Each line of the listing that holds "ThreePointArc" counts once; report how many there are, and nothing more.

(Given records)

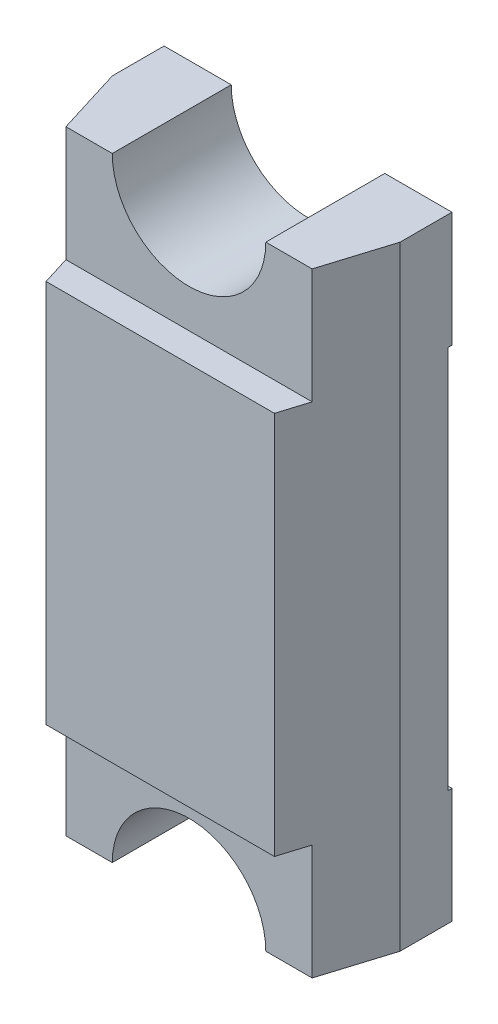
from build123d import *

# Parameters (mm, degrees)
EXTRUDE_1_DEPTH     = 0.75
CUT_EXTRUDE_1_REACH = 4.318
SKETCH_2_W          = 0.15
SKETCH_2_H          = 0.667874604
WRAP_1_DEPTH        = 0.01
CUT_EXTRUDE_2_DEPTH = 5
EXTRUDE_START       = 0.02
EXTRUDE_2_DEPTH     = 0.02


# Read off the part's stored shape, not the designer's step: 包覆1
with BuildPart() as part:
    # 草图1 → 凸台-拉伸1 (new body)
    with BuildSketch(Plane.XY):
        with BuildLine():
            Line((-0.75, 1.6), (-0.4, 1.6))
            ThreePointArc((-0.4, 1.6), (0, 1.2), (0.4, 1.6))
            Line((0.4, 1.6), (0.75, 1.6))
            Line((0.75, 1.6), (0.75, -1.6))
            Line((0.75, -1.6), (0.4, -1.6))
            ThreePointArc((0.4, -1.6), (0, -1.2), (-0.4, -1.6))
            Line((-0.4, -1.6), (-0.75, -1.6))
            Line((-0.75, -1.6), (-0.75, 1.6))
        make_face()
    extrude(amount=EXTRUDE_1_DEPTH)

    # 草图2 → 切除-拉伸1 (cut, up to next)
    with BuildSketch(Plane(origin=(0.75, 0, 0), x_dir=(0, 0, -1), z_dir=(1, 0, 0)), mode=Mode.PRIVATE) as cut_extrude_1_sk1:
        with Locations((-0.675, 1.333937302)):
            Rectangle(SKETCH_2_W, SKETCH_2_H)
    cut_extrude_1_tool1 = extrude(cut_extrude_1_sk1.sketch, amount=-CUT_EXTRUDE_1_REACH, mode=Mode.PRIVATE) & part.part
    # 草图2 → 切除-拉伸1 (cut, up to next)
    with BuildSketch(Plane(origin=(0.75, 0, 0), x_dir=(0, 0, -1), z_dir=(1, 0, 0)), mode=Mode.PRIVATE) as cut_extrude_1_sk2:
        with Locations((-0.675, -1.333937302)):
            Rectangle(SKETCH_2_W, SKETCH_2_H)
    cut_extrude_1_tool2 = extrude(cut_extrude_1_sk2.sketch, amount=-CUT_EXTRUDE_1_REACH, mode=Mode.PRIVATE) & part.part
    add(cut_extrude_1_tool1.solids().sort_by_distance((0.75, 1.333937, 0.675))[0], mode=Mode.SUBTRACT)
    add(cut_extrude_1_tool2.solids().sort_by_distance((0.75, -1.333937, 0.675))[0], mode=Mode.SUBTRACT)

    # 包覆1 outline → 包覆1 (add)
    with BuildSketch(Plane(origin=(0, 0, 0), x_dir=(-1, 0, 0), z_dir=(0, 0, -1))):
        Polygon((0.041666667, 0.013888889), (0.041666667, 0.458333333), (0.416666667, 0.458333333), (0.416666667, 0.513888889), (-0.548611111, 0.513888889), (-0.548611111, 0.458333333), (-0.173611111, 0.458333333), (-0.173611111, 0.013888889), align=None)
    extrude(amount=WRAP_1_DEPTH)

    # 草图7 → 切除-拉伸2 (cut, symmetric)
    with BuildSketch(Plane(origin=(0, 0.625, 0), x_dir=(1, 0, 0), z_dir=(0, 1, 0))):
        Polygon((-0.75, -0.25), (-0.595016124, -0.75), (-0.75, -0.75), align=None)
        Polygon((0.595016124, -0.75), (0.75, -0.75), (0.75, -0.25), align=None)
    extrude(amount=CUT_EXTRUDE_2_DEPTH, both=True, mode=Mode.SUBTRACT)

    # 草图8 → 凸台-拉伸2 (add)
    with BuildSketch(Plane(origin=(0, 0, 0), x_dir=(-1, 0, 0), z_dir=(0, 0, -1)).offset(EXTRUDE_START)):
        with BuildLine():
            Line((-0.75, 1), (0.75, 1))
            Line((0.75, 1), (0.75, 1.6))
            Line((0.75, 1.6), (0.4, 1.6))
            ThreePointArc((0.4, 1.6), (0, 1.2), (-0.4, 1.6))
            Line((-0.4, 1.6), (-0.75, 1.6))
            Line((-0.75, 1.6), (-0.75, 1))
        make_face()
        with BuildLine():
            Line((-0.75, -1), (0.75, -1))
            Line((0.75, -1), (0.75, -1.6))
            Line((0.75, -1.6), (0.4, -1.6))
            ThreePointArc((0.4, -1.6), (0, -1.2), (-0.4, -1.6))
            Line((-0.4, -1.6), (-0.75, -1.6))
            Line((-0.75, -1.6), (-0.75, -1))
        make_face()
    extrude(amount=-EXTRUDE_2_DEPTH)


solid = part.part
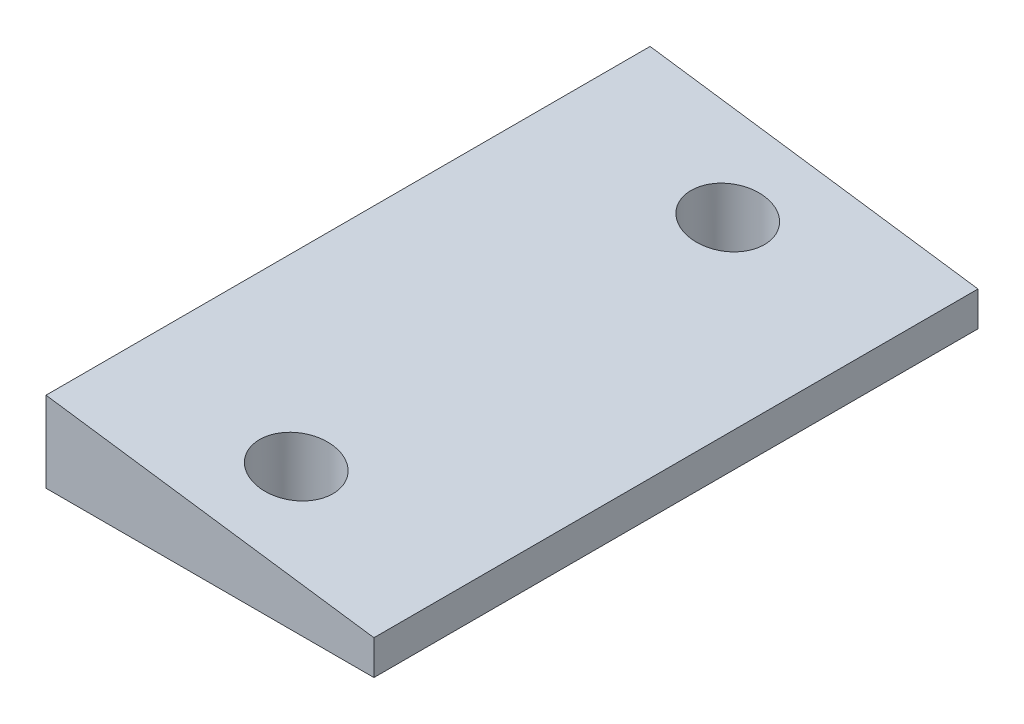
from build123d import *

# Parameters (mm, degrees)
DODANIE_WYCI_GNI_CIE1_DEPTH = 70
SZKIC2_R                    = 4.25
WYTNIJ_WYCI_GNI_CIE1_DEPTH  = 10


with BuildPart() as part:
    # Szkic1 → Dodanie-wyciągnięcie1 (new body)
    with BuildSketch(Plane.XY):
        Polygon((-16.558198873, 5.237130444), (-16.558198873, -4.103421275), (21.441801127, -4.103421275), (21.441801127, -0.103421275), align=None)
    extrude(amount=DODANIE_WYCI_GNI_CIE1_DEPTH)

    # Szkic2 → Wytnij-wyciągnięcie1 (cut)
    with BuildSketch(Plane(origin=(0, 5.237130444, 0), x_dir=(-1, 0, 0), z_dir=(0, -1, 0))):
        with Locations((-2.441801127, -60)):
            Circle(SZKIC2_R)
        with Locations((-2.441801127, -10)):
            Circle(SZKIC2_R)
    extrude(amount=WYTNIJ_WYCI_GNI_CIE1_DEPTH, mode=Mode.SUBTRACT)


solid = part.part
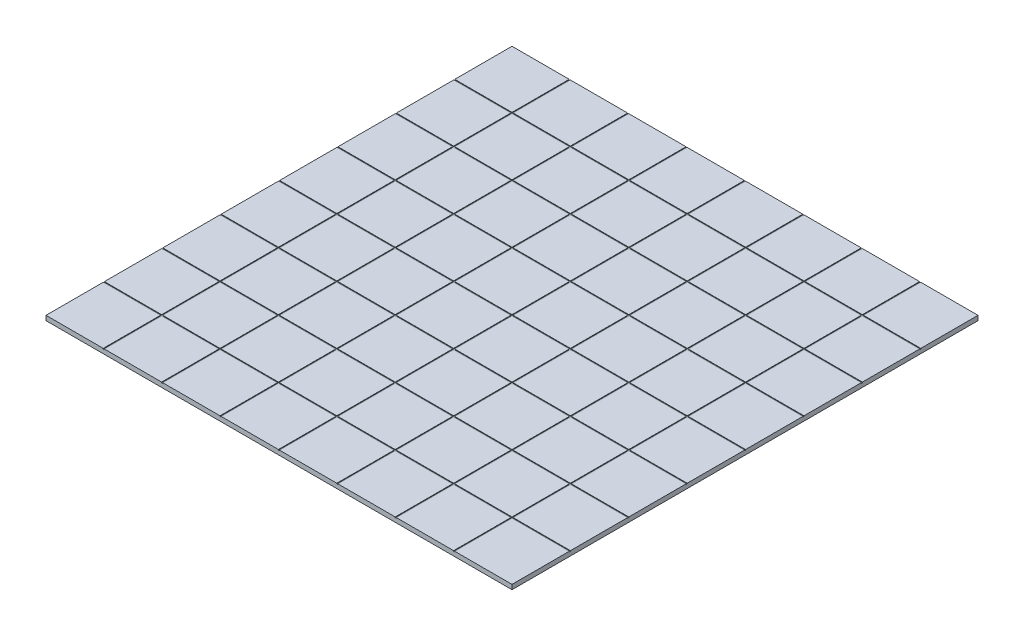
from build123d import *

# Parameters (mm, degrees)
SKETCH1_W           = 200
SKETCH1_H           = 200
BOSS_EXTRUDE1_DEPTH = 2
SKETCH2_W           = 24.5625
SKETCH2_H           = 24.5625
CUT_EXTRUDE1_DEPTH  = 0.25


with BuildPart() as part:
    # Sketch1 → Boss-Extrude1 (new body)
    with BuildSketch(Plane(origin=(0, 0, 0), x_dir=(1, 0, 0), z_dir=(0, 1, 0))):
        with Locations((100, 100)):
            Rectangle(SKETCH1_W, SKETCH1_H)
    extrude(amount=BOSS_EXTRUDE1_DEPTH)

    # Sketch2 → Cut-Extrude1 (cut)
    with BuildSketch(Plane(origin=(0, 2, 0), x_dir=(1, 0, 0), z_dir=(0, 1, 0))):
        Polygon((25.0625, 200), (24.5625, 200), (24.5625, 175.4375), (0, 175.4375), (0, 174.9375), (24.5625, 174.9375), (24.5625, 150.375), (0, 150.375), (0, 149.875), (24.5625, 149.875), (24.5625, 125.3125), (0, 125.3125), (0, 124.8125), (24.5625, 124.8125), (24.5625, 100.25), (0, 100.25), (0, 99.75), (24.5625, 99.75), (24.5625, 75.1875), (0, 75.1875), (0, 74.6875), (24.5625, 74.6875), (24.5625, 50.125), (0, 50.125), (0, 49.625), (24.5625, 49.625), (24.5625, 25.0625), (0, 25.0625), (0, 24.5625), (24.5625, 24.5625), (24.5625, 0), (25.0625, 0), (25.0625, 24.5625), (49.625, 24.5625), (49.625, 0), (50.125, 0), (50.125, 24.5625), (74.6875, 24.5625), (74.6875, 0), (75.1875, 0), (75.1875, 24.5625), (99.75, 24.5625), (99.75, 0), (100.25, 0), (100.25, 24.5625), (124.8125, 24.5625), (124.8125, 0), (125.3125, 0), (125.3125, 24.5625), (149.875, 24.5625), (149.875, 0), (150.375, 0), (150.375, 24.5625), (174.9375, 24.5625), (174.9375, 0), (175.4375, 0), (175.4375, 24.5625), (200, 24.5625), (200, 25.0625), (175.4375, 25.0625), (175.4375, 49.625), (200, 49.625), (200, 50.125), (175.4375, 50.125), (175.4375, 74.6875), (200, 74.6875), (200, 75.1875), (175.4375, 75.1875), (175.4375, 99.75), (200, 99.75), (200, 100.25), (175.4375, 100.25), (175.4375, 124.8125), (200, 124.8125), (200, 125.3125), (175.4375, 125.3125), (175.4375, 149.875), (200, 149.875), (200, 150.375), (175.4375, 150.375), (175.4375, 174.9375), (200, 174.9375), (200, 175.4375), (175.4375, 175.4375), (175.4375, 200), (174.9375, 200), (174.9375, 175.4375), (150.375, 175.4375), (150.375, 200), (149.875, 200), (149.875, 175.4375), (125.3125, 175.4375), (125.3125, 200), (124.8125, 200), (124.8125, 175.4375), (100.25, 175.4375), (100.25, 200), (99.75, 200), (99.75, 175.4375), (75.1875, 175.4375), (75.1875, 200), (74.6875, 200), (74.6875, 175.4375), (50.125, 175.4375), (50.125, 200), (49.625, 200), (49.625, 175.4375), (25.0625, 175.4375), align=None)
        with Locations((37.34375, 162.65625)):
            Rectangle(SKETCH2_W, SKETCH2_H, mode=Mode.SUBTRACT)
        with Locations((62.40625, 162.65625)):
            Rectangle(SKETCH2_W, SKETCH2_H, mode=Mode.SUBTRACT)
        with Locations((37.34375, 137.59375)):
            Rectangle(SKETCH2_W, SKETCH2_H, mode=Mode.SUBTRACT)
        with Locations((87.46875, 162.65625)):
            Rectangle(SKETCH2_W, SKETCH2_H, mode=Mode.SUBTRACT)
        with Locations((62.40625, 137.59375)):
            Rectangle(SKETCH2_W, SKETCH2_H, mode=Mode.SUBTRACT)
        with Locations((37.34375, 112.53125)):
            Rectangle(SKETCH2_W, SKETCH2_H, mode=Mode.SUBTRACT)
        with Locations((112.53125, 162.65625)):
            Rectangle(SKETCH2_W, SKETCH2_H, mode=Mode.SUBTRACT)
        with Locations((87.46875, 137.59375)):
            Rectangle(SKETCH2_W, SKETCH2_H, mode=Mode.SUBTRACT)
        with Locations((62.40625, 112.53125)):
            Rectangle(SKETCH2_W, SKETCH2_H, mode=Mode.SUBTRACT)
        with Locations((37.34375, 87.46875)):
            Rectangle(SKETCH2_W, SKETCH2_H, mode=Mode.SUBTRACT)
        with Locations((137.59375, 162.65625)):
            Rectangle(SKETCH2_W, SKETCH2_H, mode=Mode.SUBTRACT)
        with Locations((112.53125, 137.59375)):
            Rectangle(SKETCH2_W, SKETCH2_H, mode=Mode.SUBTRACT)
        with Locations((87.46875, 112.53125)):
            Rectangle(SKETCH2_W, SKETCH2_H, mode=Mode.SUBTRACT)
        with Locations((62.40625, 87.46875)):
            Rectangle(SKETCH2_W, SKETCH2_H, mode=Mode.SUBTRACT)
        with Locations((37.34375, 62.40625)):
            Rectangle(SKETCH2_W, SKETCH2_H, mode=Mode.SUBTRACT)
        with Locations((162.65625, 162.65625)):
            Rectangle(SKETCH2_W, SKETCH2_H, mode=Mode.SUBTRACT)
        with Locations((137.59375, 137.59375)):
            Rectangle(SKETCH2_W, SKETCH2_H, mode=Mode.SUBTRACT)
        with Locations((112.53125, 112.53125)):
            Rectangle(SKETCH2_W, SKETCH2_H, mode=Mode.SUBTRACT)
        with Locations((87.46875, 87.46875)):
            Rectangle(SKETCH2_W, SKETCH2_H, mode=Mode.SUBTRACT)
        with Locations((62.40625, 62.40625)):
            Rectangle(SKETCH2_W, SKETCH2_H, mode=Mode.SUBTRACT)
        with Locations((37.34375, 37.34375)):
            Rectangle(SKETCH2_W, SKETCH2_H, mode=Mode.SUBTRACT)
        with Locations((162.65625, 137.59375)):
            Rectangle(SKETCH2_W, SKETCH2_H, mode=Mode.SUBTRACT)
        with Locations((137.59375, 112.53125)):
            Rectangle(SKETCH2_W, SKETCH2_H, mode=Mode.SUBTRACT)
        with Locations((112.53125, 87.46875)):
            Rectangle(SKETCH2_W, SKETCH2_H, mode=Mode.SUBTRACT)
        with Locations((87.46875, 62.40625)):
            Rectangle(SKETCH2_W, SKETCH2_H, mode=Mode.SUBTRACT)
        with Locations((62.40625, 37.34375)):
            Rectangle(SKETCH2_W, SKETCH2_H, mode=Mode.SUBTRACT)
        with Locations((162.65625, 112.53125)):
            Rectangle(SKETCH2_W, SKETCH2_H, mode=Mode.SUBTRACT)
        with Locations((137.59375, 87.46875)):
            Rectangle(SKETCH2_W, SKETCH2_H, mode=Mode.SUBTRACT)
        with Locations((112.53125, 62.40625)):
            Rectangle(SKETCH2_W, SKETCH2_H, mode=Mode.SUBTRACT)
        with Locations((87.46875, 37.34375)):
            Rectangle(SKETCH2_W, SKETCH2_H, mode=Mode.SUBTRACT)
        with Locations((162.65625, 87.46875)):
            Rectangle(SKETCH2_W, SKETCH2_H, mode=Mode.SUBTRACT)
        with Locations((137.59375, 62.40625)):
            Rectangle(SKETCH2_W, SKETCH2_H, mode=Mode.SUBTRACT)
        with Locations((112.53125, 37.34375)):
            Rectangle(SKETCH2_W, SKETCH2_H, mode=Mode.SUBTRACT)
        with Locations((162.65625, 62.40625)):
            Rectangle(SKETCH2_W, SKETCH2_H, mode=Mode.SUBTRACT)
        with Locations((137.59375, 37.34375)):
            Rectangle(SKETCH2_W, SKETCH2_H, mode=Mode.SUBTRACT)
        with Locations((162.65625, 37.34375)):
            Rectangle(SKETCH2_W, SKETCH2_H, mode=Mode.SUBTRACT)
    extrude(amount=-CUT_EXTRUDE1_DEPTH, mode=Mode.SUBTRACT)


solid = part.part

(End Given records)

[Exercise answer] 4